Records from a data source:
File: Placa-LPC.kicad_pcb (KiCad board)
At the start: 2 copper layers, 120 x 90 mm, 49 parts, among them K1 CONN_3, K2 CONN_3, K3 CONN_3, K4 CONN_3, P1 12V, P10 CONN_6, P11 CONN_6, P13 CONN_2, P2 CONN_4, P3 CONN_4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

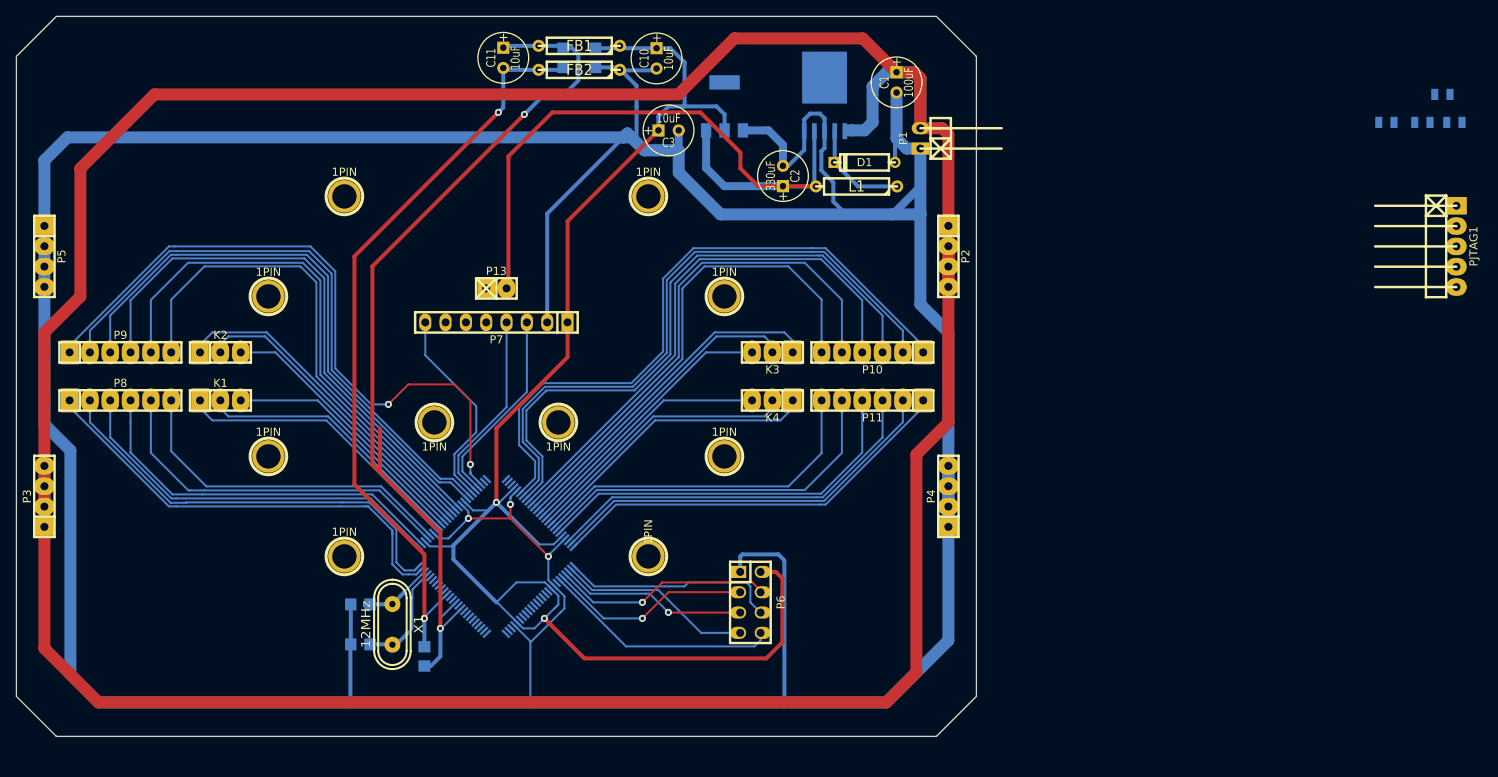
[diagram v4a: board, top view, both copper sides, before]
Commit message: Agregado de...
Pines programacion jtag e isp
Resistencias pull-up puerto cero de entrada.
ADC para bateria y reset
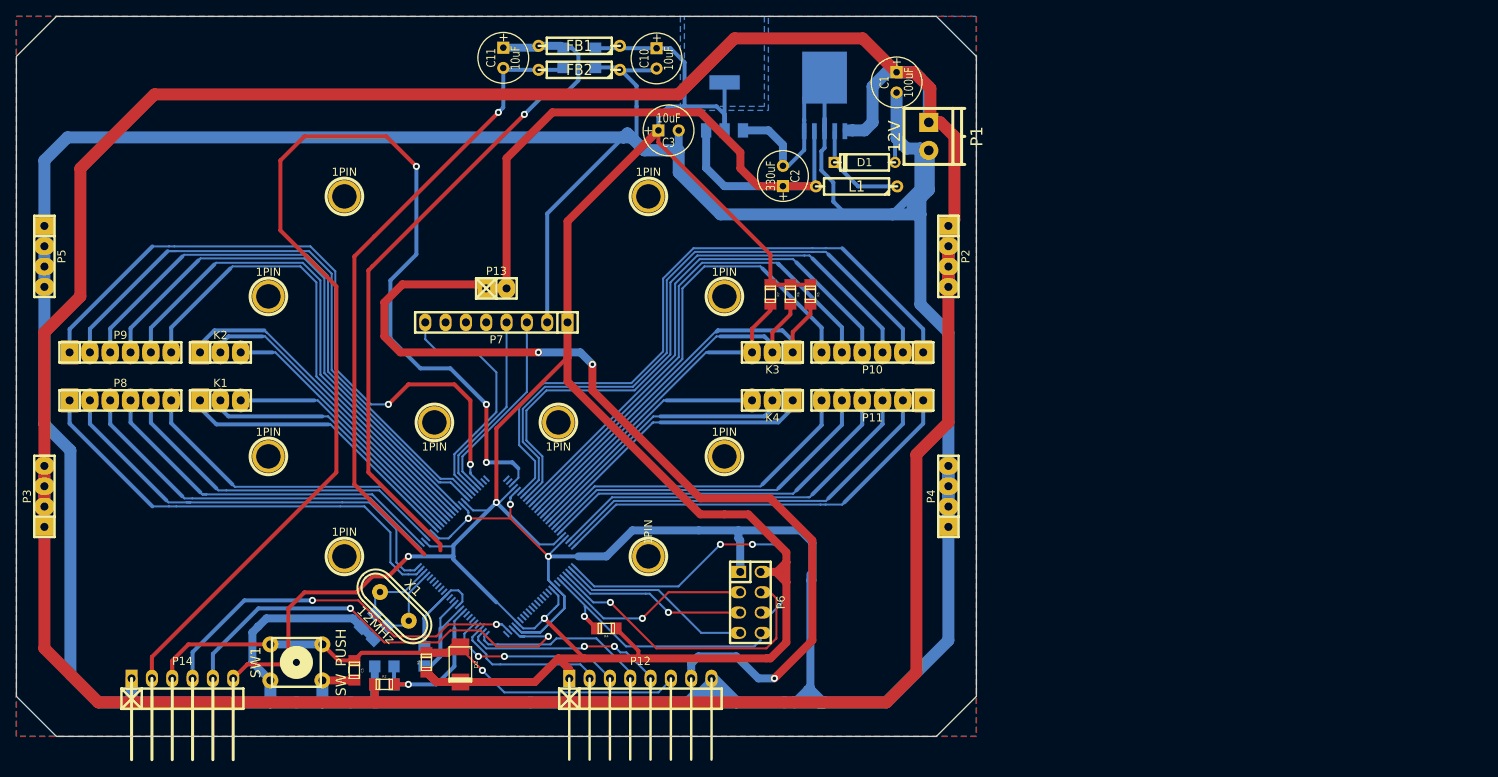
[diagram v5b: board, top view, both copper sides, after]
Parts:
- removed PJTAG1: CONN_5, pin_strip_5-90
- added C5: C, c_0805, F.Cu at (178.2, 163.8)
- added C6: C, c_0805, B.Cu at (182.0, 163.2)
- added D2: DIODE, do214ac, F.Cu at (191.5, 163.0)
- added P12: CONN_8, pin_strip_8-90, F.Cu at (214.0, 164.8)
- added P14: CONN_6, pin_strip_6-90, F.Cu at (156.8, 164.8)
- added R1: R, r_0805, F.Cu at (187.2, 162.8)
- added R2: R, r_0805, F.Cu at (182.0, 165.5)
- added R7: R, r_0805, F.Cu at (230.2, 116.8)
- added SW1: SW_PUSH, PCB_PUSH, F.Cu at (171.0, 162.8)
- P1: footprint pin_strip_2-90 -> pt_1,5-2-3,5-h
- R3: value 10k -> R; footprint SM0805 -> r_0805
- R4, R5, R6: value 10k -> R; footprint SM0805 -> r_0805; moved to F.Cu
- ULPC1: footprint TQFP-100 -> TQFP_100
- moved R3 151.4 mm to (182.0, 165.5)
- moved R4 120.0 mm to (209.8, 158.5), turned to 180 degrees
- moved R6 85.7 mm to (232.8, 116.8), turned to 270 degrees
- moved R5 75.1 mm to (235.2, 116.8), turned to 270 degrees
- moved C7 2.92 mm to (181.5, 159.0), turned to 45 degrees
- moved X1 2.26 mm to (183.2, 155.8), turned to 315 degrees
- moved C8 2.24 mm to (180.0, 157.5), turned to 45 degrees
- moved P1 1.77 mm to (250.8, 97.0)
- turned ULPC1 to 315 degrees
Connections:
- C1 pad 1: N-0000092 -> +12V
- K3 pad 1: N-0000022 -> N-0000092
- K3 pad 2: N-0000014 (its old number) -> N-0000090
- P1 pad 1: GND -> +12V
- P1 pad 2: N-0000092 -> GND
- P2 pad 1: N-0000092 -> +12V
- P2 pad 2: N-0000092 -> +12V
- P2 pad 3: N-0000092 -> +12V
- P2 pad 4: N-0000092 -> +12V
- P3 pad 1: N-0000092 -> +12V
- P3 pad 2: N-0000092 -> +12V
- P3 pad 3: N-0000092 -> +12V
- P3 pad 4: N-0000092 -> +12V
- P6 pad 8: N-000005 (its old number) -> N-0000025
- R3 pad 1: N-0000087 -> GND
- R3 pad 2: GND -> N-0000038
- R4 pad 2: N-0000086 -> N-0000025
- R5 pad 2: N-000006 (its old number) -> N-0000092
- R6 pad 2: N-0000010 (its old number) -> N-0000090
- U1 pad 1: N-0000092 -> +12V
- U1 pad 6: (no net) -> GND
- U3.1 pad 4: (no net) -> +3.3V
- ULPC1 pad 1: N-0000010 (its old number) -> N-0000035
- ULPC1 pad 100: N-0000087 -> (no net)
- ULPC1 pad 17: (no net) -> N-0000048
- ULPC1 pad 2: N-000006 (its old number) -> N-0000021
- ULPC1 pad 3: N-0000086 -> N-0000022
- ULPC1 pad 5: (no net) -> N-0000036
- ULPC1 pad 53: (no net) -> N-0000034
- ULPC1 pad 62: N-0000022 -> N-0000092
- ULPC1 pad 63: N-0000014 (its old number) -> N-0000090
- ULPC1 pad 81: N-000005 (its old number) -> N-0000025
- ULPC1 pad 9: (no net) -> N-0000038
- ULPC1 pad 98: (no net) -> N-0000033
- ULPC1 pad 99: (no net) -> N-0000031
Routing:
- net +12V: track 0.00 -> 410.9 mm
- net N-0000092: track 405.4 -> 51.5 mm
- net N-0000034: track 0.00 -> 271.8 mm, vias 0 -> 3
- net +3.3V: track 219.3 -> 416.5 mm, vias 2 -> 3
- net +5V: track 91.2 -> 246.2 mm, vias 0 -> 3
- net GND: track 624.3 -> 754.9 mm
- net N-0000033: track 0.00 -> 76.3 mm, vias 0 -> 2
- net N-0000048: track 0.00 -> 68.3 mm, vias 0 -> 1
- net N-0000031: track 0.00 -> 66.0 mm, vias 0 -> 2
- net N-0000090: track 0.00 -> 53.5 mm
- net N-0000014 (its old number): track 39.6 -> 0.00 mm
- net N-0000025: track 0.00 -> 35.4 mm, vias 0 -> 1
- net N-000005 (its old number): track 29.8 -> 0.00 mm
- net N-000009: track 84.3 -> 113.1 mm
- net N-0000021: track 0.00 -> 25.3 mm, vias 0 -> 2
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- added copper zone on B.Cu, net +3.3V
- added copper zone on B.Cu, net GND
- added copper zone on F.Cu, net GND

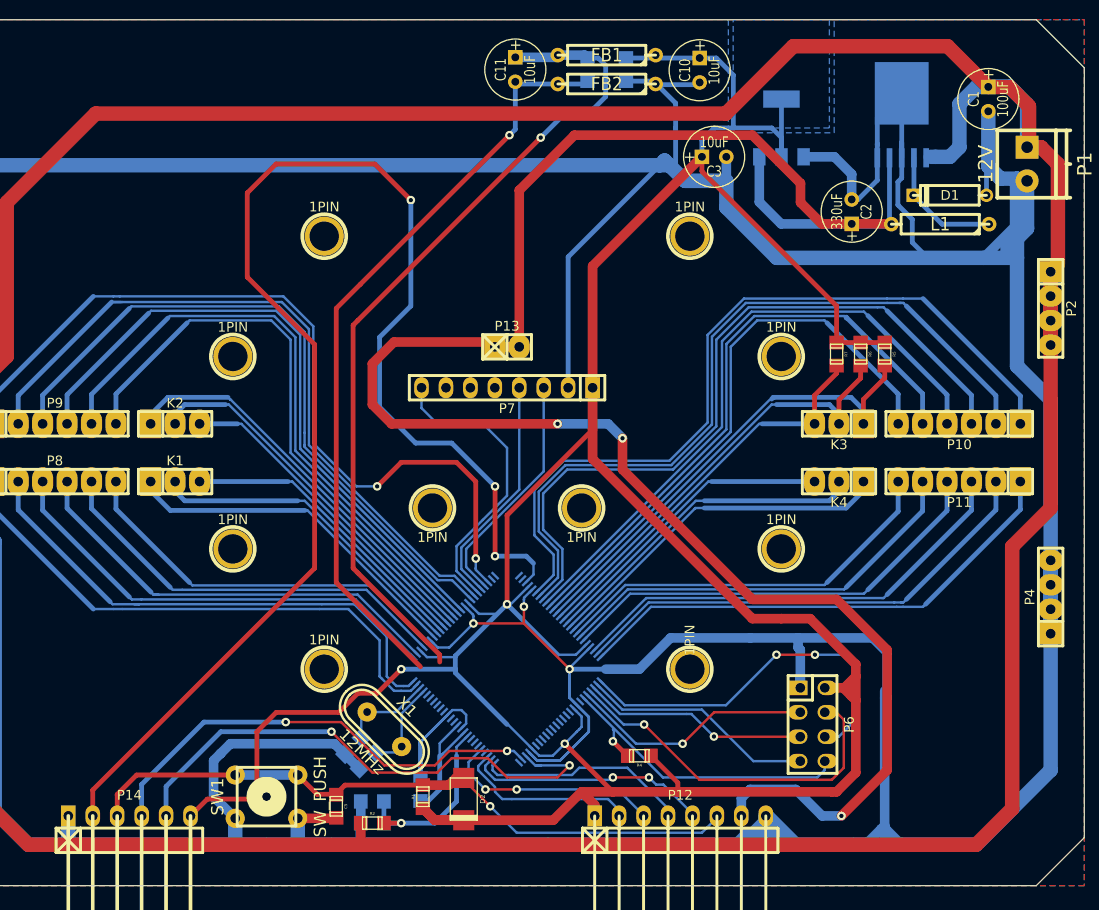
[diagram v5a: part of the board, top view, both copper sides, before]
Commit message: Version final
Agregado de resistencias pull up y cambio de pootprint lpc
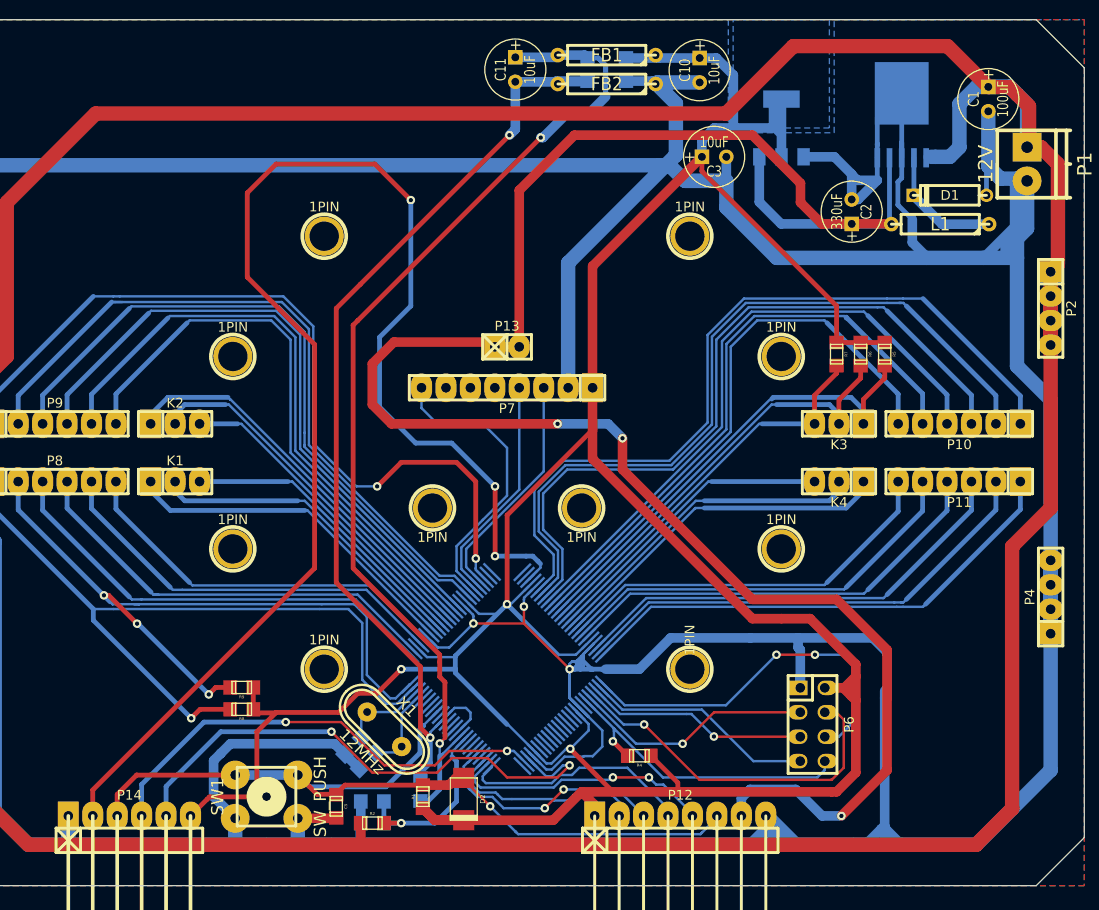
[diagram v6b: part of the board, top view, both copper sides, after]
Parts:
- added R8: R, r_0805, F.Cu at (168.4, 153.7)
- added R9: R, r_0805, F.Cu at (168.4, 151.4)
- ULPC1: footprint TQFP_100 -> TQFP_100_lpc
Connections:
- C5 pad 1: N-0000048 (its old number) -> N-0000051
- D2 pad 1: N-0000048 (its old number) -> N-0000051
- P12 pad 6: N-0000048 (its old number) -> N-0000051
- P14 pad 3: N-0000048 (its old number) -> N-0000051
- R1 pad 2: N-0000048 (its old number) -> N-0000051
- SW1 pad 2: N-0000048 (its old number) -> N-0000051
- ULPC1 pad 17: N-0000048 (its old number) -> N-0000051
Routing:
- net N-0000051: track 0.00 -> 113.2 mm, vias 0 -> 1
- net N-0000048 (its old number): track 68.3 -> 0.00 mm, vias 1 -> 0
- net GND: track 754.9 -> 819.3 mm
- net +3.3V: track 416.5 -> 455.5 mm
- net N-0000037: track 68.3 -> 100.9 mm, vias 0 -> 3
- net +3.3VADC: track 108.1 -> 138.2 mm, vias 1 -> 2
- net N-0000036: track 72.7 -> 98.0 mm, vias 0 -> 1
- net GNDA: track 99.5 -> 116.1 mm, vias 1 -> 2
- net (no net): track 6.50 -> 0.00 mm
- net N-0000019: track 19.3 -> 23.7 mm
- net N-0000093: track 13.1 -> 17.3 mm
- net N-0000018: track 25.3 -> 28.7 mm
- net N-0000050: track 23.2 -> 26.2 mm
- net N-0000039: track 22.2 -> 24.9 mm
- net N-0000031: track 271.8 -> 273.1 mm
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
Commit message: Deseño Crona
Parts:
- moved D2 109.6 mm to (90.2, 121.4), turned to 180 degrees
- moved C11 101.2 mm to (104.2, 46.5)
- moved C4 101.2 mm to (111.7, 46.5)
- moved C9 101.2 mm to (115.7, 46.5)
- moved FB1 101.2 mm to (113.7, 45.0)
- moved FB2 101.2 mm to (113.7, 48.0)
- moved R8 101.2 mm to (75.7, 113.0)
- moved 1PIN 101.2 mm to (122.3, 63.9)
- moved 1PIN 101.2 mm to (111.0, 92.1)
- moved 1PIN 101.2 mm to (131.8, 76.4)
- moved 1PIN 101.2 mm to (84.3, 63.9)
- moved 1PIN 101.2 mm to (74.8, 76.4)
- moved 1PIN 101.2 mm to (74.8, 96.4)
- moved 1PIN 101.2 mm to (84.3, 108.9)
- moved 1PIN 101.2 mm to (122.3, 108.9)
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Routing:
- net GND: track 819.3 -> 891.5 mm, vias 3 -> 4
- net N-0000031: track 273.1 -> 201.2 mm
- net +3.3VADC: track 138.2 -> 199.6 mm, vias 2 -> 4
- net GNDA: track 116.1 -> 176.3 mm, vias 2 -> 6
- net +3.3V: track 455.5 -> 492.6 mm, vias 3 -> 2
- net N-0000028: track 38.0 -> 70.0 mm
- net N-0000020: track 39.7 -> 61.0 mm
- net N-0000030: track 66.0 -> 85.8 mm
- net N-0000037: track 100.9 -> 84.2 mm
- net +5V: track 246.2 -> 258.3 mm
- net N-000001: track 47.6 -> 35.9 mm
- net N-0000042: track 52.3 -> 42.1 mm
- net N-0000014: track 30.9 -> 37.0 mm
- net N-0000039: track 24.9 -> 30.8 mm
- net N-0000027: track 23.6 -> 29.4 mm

Task prompt: Go to the line with "- moved D2 109.6" in the entries above and repeat every line from there through the line with "- net +5V: track 246.2 -> 258.3 mm", exactly and with no other text.

Exercise answer:
- moved D2 109.6 mm to (90.2, 121.4), turned to 180 degrees
- moved C11 101.2 mm to (104.2, 46.5)
- moved C4 101.2 mm to (111.7, 46.5)
- moved C9 101.2 mm to (115.7, 46.5)
- moved FB1 101.2 mm to (113.7, 45.0)
- moved FB2 101.2 mm to (113.7, 48.0)
- moved R8 101.2 mm to (75.7, 113.0)
- moved 1PIN 101.2 mm to (122.3, 63.9)
- moved 1PIN 101.2 mm to (111.0, 92.1)
- moved 1PIN 101.2 mm to (131.8, 76.4)
- moved 1PIN 101.2 mm to (84.3, 63.9)
- moved 1PIN 101.2 mm to (74.8, 76.4)
- moved 1PIN 101.2 mm to (74.8, 96.4)
- moved 1PIN 101.2 mm to (84.3, 108.9)
- moved 1PIN 101.2 mm to (122.3, 108.9)
Routing:
- net GND: track 819.3 -> 891.5 mm, vias 3 -> 4
- net N-0000031: track 273.1 -> 201.2 mm
- net +3.3VADC: track 138.2 -> 199.6 mm, vias 2 -> 4
- net GNDA: track 116.1 -> 176.3 mm, vias 2 -> 6
- net +3.3V: track 455.5 -> 492.6 mm, vias 3 -> 2
- net N-0000028: track 38.0 -> 70.0 mm
- net N-0000020: track 39.7 -> 61.0 mm
- net N-0000030: track 66.0 -> 85.8 mm
- net N-0000037: track 100.9 -> 84.2 mm
- net +5V: track 246.2 -> 258.3 mm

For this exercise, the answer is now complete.